## [WORK REQUEST]
For the entries that follow, count the lines containing the string "ゴシック" and write only the number.

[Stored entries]
---

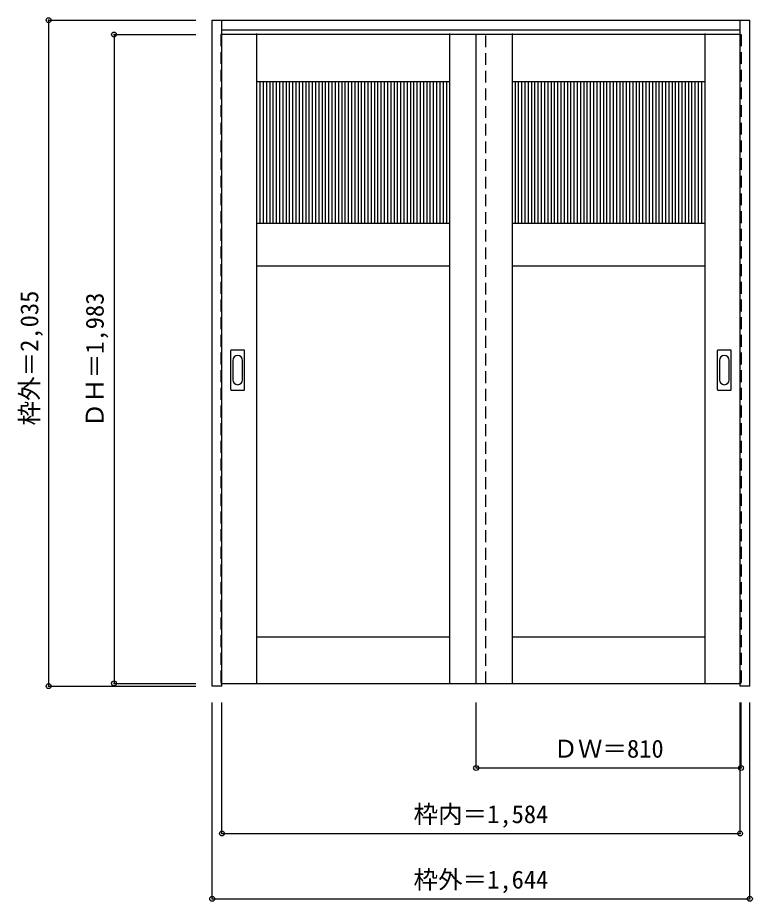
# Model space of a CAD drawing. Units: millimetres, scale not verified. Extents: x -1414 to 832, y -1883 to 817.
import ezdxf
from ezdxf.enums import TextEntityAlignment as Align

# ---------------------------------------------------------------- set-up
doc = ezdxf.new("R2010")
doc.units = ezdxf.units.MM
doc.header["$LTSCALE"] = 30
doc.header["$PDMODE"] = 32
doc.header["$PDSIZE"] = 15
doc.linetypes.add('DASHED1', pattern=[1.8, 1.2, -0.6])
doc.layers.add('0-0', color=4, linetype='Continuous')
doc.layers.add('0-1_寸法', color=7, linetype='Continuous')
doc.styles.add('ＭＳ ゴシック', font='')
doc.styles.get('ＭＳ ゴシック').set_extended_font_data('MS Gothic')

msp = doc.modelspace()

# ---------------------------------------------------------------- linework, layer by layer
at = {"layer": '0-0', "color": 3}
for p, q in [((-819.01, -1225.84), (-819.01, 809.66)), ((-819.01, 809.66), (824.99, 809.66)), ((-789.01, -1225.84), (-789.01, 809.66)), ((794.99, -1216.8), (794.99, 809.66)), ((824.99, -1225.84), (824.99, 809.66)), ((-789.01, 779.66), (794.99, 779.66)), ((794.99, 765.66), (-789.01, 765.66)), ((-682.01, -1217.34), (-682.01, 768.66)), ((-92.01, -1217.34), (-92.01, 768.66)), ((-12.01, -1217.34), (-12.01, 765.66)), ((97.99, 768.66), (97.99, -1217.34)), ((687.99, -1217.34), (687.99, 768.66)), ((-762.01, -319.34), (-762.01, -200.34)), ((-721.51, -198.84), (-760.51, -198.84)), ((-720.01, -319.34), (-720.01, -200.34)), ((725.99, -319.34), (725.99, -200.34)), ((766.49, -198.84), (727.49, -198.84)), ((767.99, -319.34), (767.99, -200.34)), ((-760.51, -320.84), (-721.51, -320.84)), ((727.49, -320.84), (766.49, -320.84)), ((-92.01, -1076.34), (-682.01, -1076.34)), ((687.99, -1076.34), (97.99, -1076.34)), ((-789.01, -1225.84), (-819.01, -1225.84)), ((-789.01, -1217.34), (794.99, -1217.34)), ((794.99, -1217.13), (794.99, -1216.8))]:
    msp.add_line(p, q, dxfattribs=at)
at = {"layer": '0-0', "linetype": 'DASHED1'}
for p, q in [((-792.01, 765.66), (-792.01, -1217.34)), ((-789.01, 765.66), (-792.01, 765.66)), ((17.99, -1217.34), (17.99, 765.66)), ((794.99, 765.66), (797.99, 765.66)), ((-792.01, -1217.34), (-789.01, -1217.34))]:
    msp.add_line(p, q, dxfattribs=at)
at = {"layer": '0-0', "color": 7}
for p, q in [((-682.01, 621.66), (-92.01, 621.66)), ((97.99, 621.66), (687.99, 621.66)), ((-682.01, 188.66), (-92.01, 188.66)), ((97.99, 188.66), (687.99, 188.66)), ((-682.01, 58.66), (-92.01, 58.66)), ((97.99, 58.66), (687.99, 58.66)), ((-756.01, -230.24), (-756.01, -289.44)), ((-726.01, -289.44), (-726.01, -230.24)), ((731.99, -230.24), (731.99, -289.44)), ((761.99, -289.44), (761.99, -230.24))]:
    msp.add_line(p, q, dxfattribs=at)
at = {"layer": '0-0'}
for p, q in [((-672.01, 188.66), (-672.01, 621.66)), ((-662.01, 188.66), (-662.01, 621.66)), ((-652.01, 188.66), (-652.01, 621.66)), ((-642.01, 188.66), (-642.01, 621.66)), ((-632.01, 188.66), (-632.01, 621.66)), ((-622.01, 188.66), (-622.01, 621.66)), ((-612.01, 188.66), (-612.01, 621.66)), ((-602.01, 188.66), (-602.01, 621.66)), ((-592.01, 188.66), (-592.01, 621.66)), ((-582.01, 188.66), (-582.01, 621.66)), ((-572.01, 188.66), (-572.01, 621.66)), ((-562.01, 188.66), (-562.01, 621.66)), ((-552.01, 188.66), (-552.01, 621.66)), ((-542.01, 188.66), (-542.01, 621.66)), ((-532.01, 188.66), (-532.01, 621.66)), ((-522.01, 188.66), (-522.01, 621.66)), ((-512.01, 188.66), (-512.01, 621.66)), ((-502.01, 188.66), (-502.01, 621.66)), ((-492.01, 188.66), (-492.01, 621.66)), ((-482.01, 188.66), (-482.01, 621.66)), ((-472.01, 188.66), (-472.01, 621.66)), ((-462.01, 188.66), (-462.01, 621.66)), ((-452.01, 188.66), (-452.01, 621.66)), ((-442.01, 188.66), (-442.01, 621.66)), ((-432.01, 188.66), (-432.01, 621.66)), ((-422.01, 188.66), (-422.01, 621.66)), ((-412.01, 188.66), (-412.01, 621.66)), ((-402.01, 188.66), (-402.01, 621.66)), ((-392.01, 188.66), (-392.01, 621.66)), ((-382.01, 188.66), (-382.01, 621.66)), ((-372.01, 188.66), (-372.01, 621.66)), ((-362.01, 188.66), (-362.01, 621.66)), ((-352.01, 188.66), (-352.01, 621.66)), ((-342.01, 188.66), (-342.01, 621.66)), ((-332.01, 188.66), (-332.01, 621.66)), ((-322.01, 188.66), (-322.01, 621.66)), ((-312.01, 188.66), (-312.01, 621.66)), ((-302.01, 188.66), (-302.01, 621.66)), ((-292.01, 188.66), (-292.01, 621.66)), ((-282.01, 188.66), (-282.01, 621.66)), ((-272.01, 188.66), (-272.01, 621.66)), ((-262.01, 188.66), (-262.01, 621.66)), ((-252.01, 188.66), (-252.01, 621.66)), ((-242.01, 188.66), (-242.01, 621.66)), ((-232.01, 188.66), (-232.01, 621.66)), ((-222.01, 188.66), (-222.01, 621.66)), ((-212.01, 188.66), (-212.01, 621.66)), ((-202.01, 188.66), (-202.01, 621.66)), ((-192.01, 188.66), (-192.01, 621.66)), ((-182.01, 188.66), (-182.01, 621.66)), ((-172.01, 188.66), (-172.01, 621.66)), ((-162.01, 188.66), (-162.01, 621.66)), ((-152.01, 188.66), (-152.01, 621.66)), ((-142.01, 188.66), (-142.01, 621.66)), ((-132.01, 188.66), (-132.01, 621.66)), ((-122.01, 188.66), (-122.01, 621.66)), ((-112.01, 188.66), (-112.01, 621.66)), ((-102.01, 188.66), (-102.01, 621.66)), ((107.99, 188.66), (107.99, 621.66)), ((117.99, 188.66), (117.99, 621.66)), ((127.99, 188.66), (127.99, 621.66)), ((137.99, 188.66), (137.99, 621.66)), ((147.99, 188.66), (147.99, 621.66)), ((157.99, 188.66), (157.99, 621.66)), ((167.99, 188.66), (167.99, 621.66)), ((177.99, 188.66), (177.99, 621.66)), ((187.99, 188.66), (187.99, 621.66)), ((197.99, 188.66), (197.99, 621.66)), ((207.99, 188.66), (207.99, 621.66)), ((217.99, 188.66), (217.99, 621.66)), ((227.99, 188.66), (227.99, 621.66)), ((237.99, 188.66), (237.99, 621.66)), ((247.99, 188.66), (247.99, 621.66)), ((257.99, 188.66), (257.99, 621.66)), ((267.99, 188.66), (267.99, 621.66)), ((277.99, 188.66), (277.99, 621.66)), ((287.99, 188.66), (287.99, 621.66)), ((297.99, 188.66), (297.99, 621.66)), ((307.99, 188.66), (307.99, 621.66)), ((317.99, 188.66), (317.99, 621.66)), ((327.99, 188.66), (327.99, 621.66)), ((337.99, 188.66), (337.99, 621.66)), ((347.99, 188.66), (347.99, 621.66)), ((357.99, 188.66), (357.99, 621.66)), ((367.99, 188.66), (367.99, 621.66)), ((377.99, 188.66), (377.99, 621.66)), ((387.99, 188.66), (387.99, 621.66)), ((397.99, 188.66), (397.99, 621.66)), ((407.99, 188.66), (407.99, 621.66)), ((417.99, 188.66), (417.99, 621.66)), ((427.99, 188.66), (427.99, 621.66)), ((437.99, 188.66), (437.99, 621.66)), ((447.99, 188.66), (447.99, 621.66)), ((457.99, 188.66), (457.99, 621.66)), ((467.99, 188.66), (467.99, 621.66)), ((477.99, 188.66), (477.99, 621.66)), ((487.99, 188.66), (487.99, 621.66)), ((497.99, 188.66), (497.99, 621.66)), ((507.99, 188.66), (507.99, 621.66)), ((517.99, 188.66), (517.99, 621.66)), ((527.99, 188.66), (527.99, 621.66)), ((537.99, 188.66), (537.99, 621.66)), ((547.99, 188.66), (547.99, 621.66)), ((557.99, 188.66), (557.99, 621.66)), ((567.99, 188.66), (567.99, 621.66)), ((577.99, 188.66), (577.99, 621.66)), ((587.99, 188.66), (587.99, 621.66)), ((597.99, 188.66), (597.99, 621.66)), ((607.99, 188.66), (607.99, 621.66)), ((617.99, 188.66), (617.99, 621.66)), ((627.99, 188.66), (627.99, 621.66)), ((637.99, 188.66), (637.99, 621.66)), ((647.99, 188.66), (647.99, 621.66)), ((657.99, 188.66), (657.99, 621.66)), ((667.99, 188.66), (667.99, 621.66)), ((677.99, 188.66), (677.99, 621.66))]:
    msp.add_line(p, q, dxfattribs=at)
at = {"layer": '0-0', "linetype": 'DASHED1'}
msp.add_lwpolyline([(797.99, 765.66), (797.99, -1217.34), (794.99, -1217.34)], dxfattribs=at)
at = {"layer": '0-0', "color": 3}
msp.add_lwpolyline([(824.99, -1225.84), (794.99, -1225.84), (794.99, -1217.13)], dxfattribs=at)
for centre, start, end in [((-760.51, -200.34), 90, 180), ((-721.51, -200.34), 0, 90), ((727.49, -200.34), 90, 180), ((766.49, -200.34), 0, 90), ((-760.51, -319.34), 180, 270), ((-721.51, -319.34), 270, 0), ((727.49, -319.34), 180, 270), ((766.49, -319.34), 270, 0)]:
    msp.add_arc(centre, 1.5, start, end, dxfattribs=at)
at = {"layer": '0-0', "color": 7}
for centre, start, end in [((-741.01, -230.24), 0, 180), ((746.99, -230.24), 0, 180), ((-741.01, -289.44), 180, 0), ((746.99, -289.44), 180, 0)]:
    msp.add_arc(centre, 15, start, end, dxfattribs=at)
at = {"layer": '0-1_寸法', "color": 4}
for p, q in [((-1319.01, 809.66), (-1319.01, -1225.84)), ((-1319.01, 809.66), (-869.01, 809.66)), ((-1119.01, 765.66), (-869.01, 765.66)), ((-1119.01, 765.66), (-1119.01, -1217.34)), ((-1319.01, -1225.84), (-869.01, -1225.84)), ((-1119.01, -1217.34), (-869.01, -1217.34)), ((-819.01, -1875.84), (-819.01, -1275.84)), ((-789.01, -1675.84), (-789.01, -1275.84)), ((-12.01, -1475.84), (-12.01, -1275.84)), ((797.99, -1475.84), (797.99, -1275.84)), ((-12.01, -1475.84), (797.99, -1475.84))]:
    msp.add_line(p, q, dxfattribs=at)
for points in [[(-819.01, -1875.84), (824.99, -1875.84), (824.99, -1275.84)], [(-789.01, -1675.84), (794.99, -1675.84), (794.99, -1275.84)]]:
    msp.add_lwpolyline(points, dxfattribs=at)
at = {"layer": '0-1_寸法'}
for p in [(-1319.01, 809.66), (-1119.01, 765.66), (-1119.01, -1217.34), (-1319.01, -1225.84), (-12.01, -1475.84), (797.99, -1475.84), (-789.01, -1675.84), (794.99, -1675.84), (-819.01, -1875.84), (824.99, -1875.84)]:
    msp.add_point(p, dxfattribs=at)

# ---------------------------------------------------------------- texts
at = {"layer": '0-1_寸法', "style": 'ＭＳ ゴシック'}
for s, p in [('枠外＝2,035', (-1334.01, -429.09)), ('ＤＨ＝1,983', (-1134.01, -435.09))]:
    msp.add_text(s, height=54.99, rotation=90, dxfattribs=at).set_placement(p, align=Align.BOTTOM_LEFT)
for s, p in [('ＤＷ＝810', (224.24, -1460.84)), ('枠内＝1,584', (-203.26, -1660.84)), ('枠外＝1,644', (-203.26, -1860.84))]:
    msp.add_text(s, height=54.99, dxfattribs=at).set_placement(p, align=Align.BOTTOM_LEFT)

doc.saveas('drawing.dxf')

---

## [WRITTEN SOLUTION]
3